Around 11,000 years ago, megafauna that was roaming the earth began to go extinct. Mastodons were some of the largest land animals living on the planet at the time, and they migrated around present-day North America, from Alaska south to Mexico and east to Nova Scotia. They lived in swampy environments and mostly ate shrubs and low tree branches.
Scientists have now used a variety of techniques to show that environmental changes that came with the melting of glaciers had a significant impact on the movement of mastodons. The findings, which were reported in Nature Communications, used mitochondrial genomes that were reconstructed from the fossilized remains of 33 individual mastodons.
"The genetic data show a strong signal of migration, moving back and forth across the continent, driven, what appears to be entirely by climate," explained study author and evolutionary geneticist Hendrik Poinar, director of the McMaster Ancient DNA Centre. "These mastodons were living in Alaska at a time when it was warm, as well as Mexico and parts of Central America. These weren't stationary populations, the data show there was constant movement back and forth."
Researchers have long speculated about why they and 44 other large mammals went extinct. Many hypothesize that it was the combination of climate change, competition for food, and overhunting by humans. Temperatures have fluctuated repeatedly on Earth. Around 800,000 years ago, a dramatic shift happened; the ice sheets changed and regions that had once provided for animals like horses, bison, and mammoths began to shift toward generating sustenance for beaver, moose, and mastodon.

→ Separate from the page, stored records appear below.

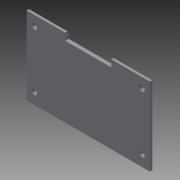
# Autodesk Inventor part: Enclosure-Backplate01
Saved by Autodesk Inventor 2015 (Build 190159000, 159)
## iProperties
Created: 2014-04-13
Part Number: Enclosure-Backplate01
Material: Generic
Document SubType Name: Modeling
Designer: spichelh
Density: 1 g/cm^3
Appearance: Default
Author: spichelh
Autodesk Inventor part; units mm, degrees
ref_plane "YZ Plane" through (0, 0, 0) normal (1, 0, 0) x (0, 1, 0)
ref_plane "XZ Plane" through (0, 0, 0) normal (0, 1, 0) x (-1, 0, 0)
ref_plane "XY Plane" through (0, 0, 0) normal (0, 0, 1) x (1, 0, 0)
sketch "Sketch1" plane through (0, 0, 0) normal (0, 0, 1) x (1, 0, 0)
  line L0 (107.6, 68) -> (107.6, 0)
  line L1 (107.6, 0) -> (0, 0)
  line L2 (0, 0) -> (0, 68)
  line L3 (0, 68) -> (33.75, 68)
  line L4 (33.75, 68) -> (33.75, 61.9)
  line L5 (33.75, 61.9) -> (73.85, 61.9)
  line L6 (73.85, 61.9) -> (73.85, 68)
  line L7 (73.85, 68) -> (107.6, 68)
  line L8 (53.8, 0) -> (53.8, -26.1159) construction
  line L9 (53.8, 61.9) -> (53.8, 35.6829) construction
  dimension "d37" = 40.1
  dimension "d38" = 107.6
  dimension "d39" = 68
  dimension "d64" = 6.1
  constraints: 28 end point, 4 collinear, 3 perpendicular, 2 horizontal, 2 midpoint, 2 parallel, 1 coincident, 1 vertical, 1 other
  measures "d37" distance of L4.end L5.end
  measures "d38" distance of L0.end L1.end
  measures "d39" distance of L1.end L2.end
  measures "d64" distance between parallel lines of L7 L5
extrude "Extrusion1" add sketch "Sketch1" along normal blind 3
sketch "Sketch4" plane through (0, 0, 0) normal (0, 0, -1) x (-1, 0, 0)
  line L0 (-33.75, 68) -> (0, 68) projected
  line L1 (-33.75, 61.9) -> (-33.75, 68) projected
  line L2 (-73.85, 61.9) -> (-33.75, 61.9) projected
  line L3 (-73.85, 68) -> (-73.85, 61.9) projected
  line L4 (-107.6, 68) -> (-73.85, 68) projected
  line L5 (-107.6, 0) -> (-107.6, 68) projected
  line L6 (0, 0) -> (-107.6, 0) projected
  line L7 (0, 68) -> (0, 0) projected
  line L8 (-71.25, 65.4) -> (-71.25, 63.4)
  line L9 (-71.25, 63.4) -> (-36.35, 63.4)
  line L10 (-36.35, 63.4) -> (-36.35, 65.4)
  line L11 (-36.35, 65.4) -> (-2.6, 65.4)
  line L12 (-71.25, 65.4) -> (-105, 65.4)
  line L13 (-105, 65.4) -> (-105, 2.6)
  line L14 (-2.6, 2.6) -> (-2.6, 65.4)
  line L15 (-105, 2.6) -> (-85.29, 2.6)
  line L16 (-85.29, 2.6) -> (-85.29, 5.1)
  line L17 (-85.29, 5.1) -> (-22.31, 5.1)
  line L18 (-22.31, 5.1) -> (-22.31, 2.6)
  line L19 (-22.31, 2.6) -> (-2.6, 2.6)
  line L20 (-53.8, 0) -> (-53.8, 2.6) construction
  line L21 (-53.8, 5.1) -> (-53.8, 2.6) construction
  dimension "d42" = 2.6
  dimension "d43" = 2.6
  dimension "d44" = 2.6
  dimension "d45" = 2.6
  dimension "d46" = 2.6
  dimension "d48" = 2.6
  dimension "d49" = 5.1
  dimension "d50" = 2.6
  dimension "d51" = 2.6
  dimension "d52" = 62.98
  dimension "d65" = 2
  constraints: 28 end point, 6 perpendicular, 4 parallel, 3 collinear, 2 midpoint, 1 horizontal, 1 vertical
  measures "d42" distance between parallel lines of L3 L8
  measures "d43" distance between parallel lines of L1 L10
  measures "d44" distance between parallel lines of L0 L11
  measures "d45" distance between parallel lines of L12 L4
  measures "d46" distance between parallel lines of L5 L13
  measures "d48" distance between parallel lines of L14 L7
  measures "d49" distance between parallel lines of L6 L17
  measures "d50" distance between parallel lines of L6 L15
  measures "d51" distance between parallel lines of L19 L6
  measures "d52" distance between parallel lines of L16 L18
  measures "d65" distance between parallel lines of L12 L9
extrude "Extrusion4" cut sketch "Sketch4" against normal blind 1 contours L0 L7 L6 L5 L4 L3 L12 L13 L15 L16 L17 L18 L19 L14 L11 L1
sketch "Sketch5" plane through (0, 0, 3) normal (0, 0, 1) x (1, 0, 0)
  circle A0 centre (6.8128, 9.8088) radius 1.5 projected
  circle A1 centre (6.81, 59.3388) radius 1.5 projected
  circle A2 centre (100.7928, 9.8142) radius 1.5 projected
  circle A3 centre (100.79, 59.3442) radius 1.5 projected
  line L0 (104.603, 6.0044) -> (3.003, 5.9986) projected
  line L1 (104.5998, 63.1544) -> (104.603, 6.0044) projected
  line L2 (2.9998, 63.1486) -> (104.5998, 63.1544) projected
  line L3 (3.003, 5.9986) -> (2.9998, 63.1486) projected
  circle A4 centre (6.81, 59.3388) radius 1.4
  circle A5 centre (6.8128, 9.8088) radius 1.4
  circle A6 centre (100.7928, 9.8142) radius 1.4
  circle A7 centre (100.79, 59.3442) radius 1.4
  point P0 (0, 0)
  dimension "d55" = 2.8
  dimension "d56" = 2.8
  dimension "d57" = 2.8
  dimension "d58" = 2.8
  constraints: 4 centre point, 4 coincident
  measures "d55" diameter of A4
  measures "d56" diameter of A5
  measures "d57" diameter of A6
  measures "d58" diameter of A7
extrude "Extrusion5" cut sketch "Sketch5" against normal blind 4 contours A4 | A5 | A6 | A7
chamfer "Chamfer3" distance 1 angle 45 4 edges at (5.41, 59.3388, 3) (5.4128, 9.8088, 3) (99.39, 59.3442, 3) (99.3928, 9.8142, 3)
body "Solid1"

As the climate warmed and ice sheets melted, the mastodon moved with them into the northernmost parts of modern-day Alaska and the Yukon. These groups of mastodon had lots of room to roam, but less genetic diversity, which made them more vulnerable to change.
"By looking genetically at these animals which lived for the last 800,000 years, we can actually see the make-up of these populations that made it up to the north. It's really interesting because a lot of species presently, like moose and beaver, are rapidly expanding their range northwards by as much as tens to hundreds of kilometers every century," said lead study author Emil Karpinski, a graduate student at the Ancient DNA Centre and the Department of Biology at McMaster University.
"Analysis of DNA preserved in these fossil mastodon bones gives us so much more information on how these now-extinct beasts lived and died in comparison to what we know based on traditional paleontological approaches. These data hold the key to our understanding of how ancient animal communities like mastodons adapted to changes in the past, and provide clues to how arctic ecosystems will respond to future warming scenarios," added study co-author Dr. Grant Zazula, a paleontologist with the Government of Yukon.